The Van der Pol Oscillator is governed by a 2nd order ODE with nonlinear damping. The 'position' of the oscillator is the solution to
$$x''(t) = \mu (1 - x^2(t)) x'(t) - x(t)$$
Here $\mu$ controls how much nonlinear damping there is. When $\mu = 0$ the ODE reduces to
$$x''(t) = - x(t)$$
which is simply the equation of the simple harmonic oscillator ('a spring') with spring constant $k = 1$.
It's well-known that the Van der Pol oscillator has a non-trivial limit cycle for most initial conditions in the $x - x'$ plane. However, this is actually surprising to me!
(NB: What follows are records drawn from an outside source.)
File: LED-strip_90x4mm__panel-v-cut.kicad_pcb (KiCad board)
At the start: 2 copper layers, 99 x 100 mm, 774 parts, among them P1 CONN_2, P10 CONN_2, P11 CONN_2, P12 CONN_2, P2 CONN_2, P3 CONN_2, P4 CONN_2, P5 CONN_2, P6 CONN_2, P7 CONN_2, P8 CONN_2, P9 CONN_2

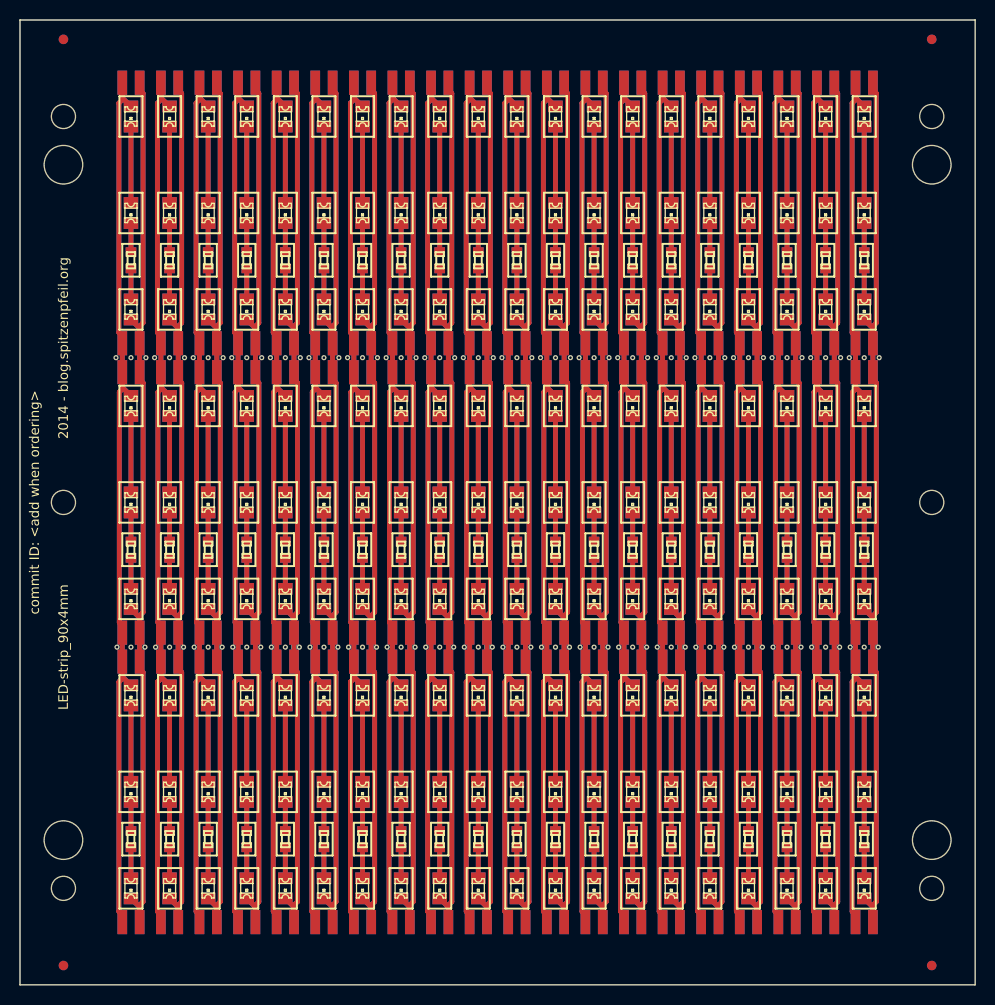
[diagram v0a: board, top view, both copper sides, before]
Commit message: Removed fiducials + alignment holes from panel --> 20% more boards.
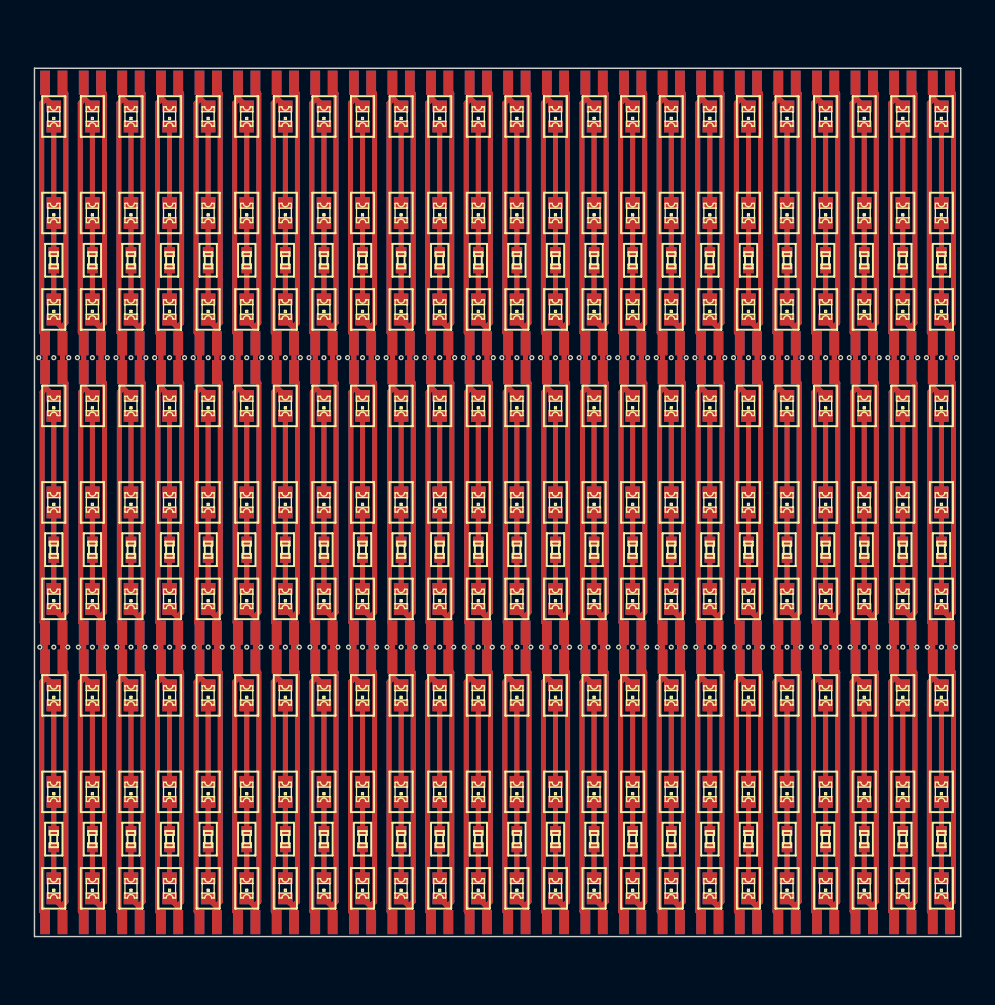
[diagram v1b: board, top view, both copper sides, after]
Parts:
- removed 1PIN (x4): P***, 1pin
- removed BH1: BH1, 1pin
- removed BH2: BH2, 1pin
- removed BH3: BH3, 1pin
- removed BH4: BH4, 1pin
- removed SM1: SM1, 1pin
- removed SM2: SM2, 1pin
- removed SM3: SM3, 1pin
- removed SM4: SM4, 1pin
- removed SM5: SM5, 1pin
- removed SM6: SM6, 1pin
- added D1: LED, my_parts:MADW__CHIPLED-0805, F.Cu at (288.5, 153.0)
- added D1: LED, my_parts:MADW__CHIPLED-0805, F.Cu at (284.5, 153.0)
- added D1: LED, my_parts:MADW__CHIPLED-0805, F.Cu at (372.5, 153.0)
- added D1: LED, my_parts:MADW__CHIPLED-0805, F.Cu at (376.5, 153.0)
- added D10: LED, my_parts:MADW__CHIPLED-0805, B.Cu at (288.5, 93.0)
- added D10: LED, my_parts:MADW__CHIPLED-0805, B.Cu at (284.5, 93.0)
- added D10: LED, my_parts:MADW__CHIPLED-0805, B.Cu at (372.5, 93.0)
- added D10: LED, my_parts:MADW__CHIPLED-0805, B.Cu at (376.5, 93.0)
- added D11: LED, my_parts:MADW__CHIPLED-0805, B.Cu at (288.5, 103.0)
- added D11: LED, my_parts:MADW__CHIPLED-0805, B.Cu at (284.5, 103.0)
- added D11: LED, my_parts:MADW__CHIPLED-0805, B.Cu at (372.5, 103.0)
- added D11: LED, my_parts:MADW__CHIPLED-0805, B.Cu at (376.5, 103.0)
- added D12: LED, my_parts:MADW__CHIPLED-0805, B.Cu at (288.5, 113.0)
- added D12: LED, my_parts:MADW__CHIPLED-0805, B.Cu at (284.5, 113.0)
- added D12: LED, my_parts:MADW__CHIPLED-0805, B.Cu at (372.5, 113.0)
- added D12: LED, my_parts:MADW__CHIPLED-0805, B.Cu at (376.5, 113.0)
- added D13: LED, my_parts:MADW__CHIPLED-0805, B.Cu at (288.5, 123.0)
- added D13: LED, my_parts:MADW__CHIPLED-0805, B.Cu at (284.5, 123.0)
- added D13: LED, my_parts:MADW__CHIPLED-0805, B.Cu at (372.5, 123.0)
- added D13: LED, my_parts:MADW__CHIPLED-0805, B.Cu at (376.5, 123.0)
- added D14: LED, my_parts:MADW__CHIPLED-0805, B.Cu at (288.5, 133.0)
- added D14: LED, my_parts:MADW__CHIPLED-0805, B.Cu at (284.5, 133.0)
- added D14: LED, my_parts:MADW__CHIPLED-0805, B.Cu at (372.5, 133.0)
- added D14: LED, my_parts:MADW__CHIPLED-0805, B.Cu at (376.5, 133.0)
- added D15: LED, my_parts:MADW__CHIPLED-0805, B.Cu at (288.5, 143.0)
- added D15: LED, my_parts:MADW__CHIPLED-0805, B.Cu at (284.5, 143.0)
- added D15: LED, my_parts:MADW__CHIPLED-0805, B.Cu at (372.5, 143.0)
- added D15: LED, my_parts:MADW__CHIPLED-0805, B.Cu at (376.5, 143.0)
- added D16: LED, my_parts:MADW__CHIPLED-0805, B.Cu at (288.5, 153.0)
- added D16: LED, my_parts:MADW__CHIPLED-0805, B.Cu at (284.5, 153.0)
- added D16: LED, my_parts:MADW__CHIPLED-0805, B.Cu at (372.5, 153.0)
- added D16: LED, my_parts:MADW__CHIPLED-0805, B.Cu at (376.5, 153.0)
- added D17: LED, my_parts:MADW__CHIPLED-0805, B.Cu at (288.5, 163.0)
- added D17: LED, my_parts:MADW__CHIPLED-0805, B.Cu at (284.5, 163.0)
- added D17: LED, my_parts:MADW__CHIPLED-0805, B.Cu at (372.5, 163.0)
- added D17: LED, my_parts:MADW__CHIPLED-0805, B.Cu at (376.5, 163.0)
- added D18: LED, my_parts:MADW__CHIPLED-0805, B.Cu at (288.5, 173.0)
- added D18: LED, my_parts:MADW__CHIPLED-0805, B.Cu at (284.5, 173.0)
- added D18: LED, my_parts:MADW__CHIPLED-0805, B.Cu at (372.5, 173.0)
- added D18: LED, my_parts:MADW__CHIPLED-0805, B.Cu at (376.5, 173.0)
- added D2: LED, my_parts:MADW__CHIPLED-0805, F.Cu at (288.5, 163.0)
- added D2: LED, my_parts:MADW__CHIPLED-0805, F.Cu at (284.5, 163.0)
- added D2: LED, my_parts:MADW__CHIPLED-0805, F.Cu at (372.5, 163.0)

I am a little surprised because the damped harmonic oscillator governed by
$$x''(t) = - \mu x'(t) - x(t)$$
(with $\mu > 0$, I think)
doesn't have a limit cycle. Instead, the oscillator is damped until $x, x' = 0, 0$ in the limit as $t \rightarrow \infty$. In elementary physics textbooks people like to explain this as the oscillator losing energy due to friction.
This seems to imply that in the limit as $t \rightarrow \infty$, the damped harmonic oscillator 'loses all its energy'.
On the other hand, since the Van der Pol oscillator has a non-trivial limit cycle, with non-zero speed, does that mean that the oscillator has some non-zero amount of (kinetic?) energy in its steady state?
How is the Van der Pol oscillator different from the damped harmonic oscillator?
How can/should I quantify the energy in these oscillators?
Context: I've been playing around with simulations of oscillators in using numpy/scipy.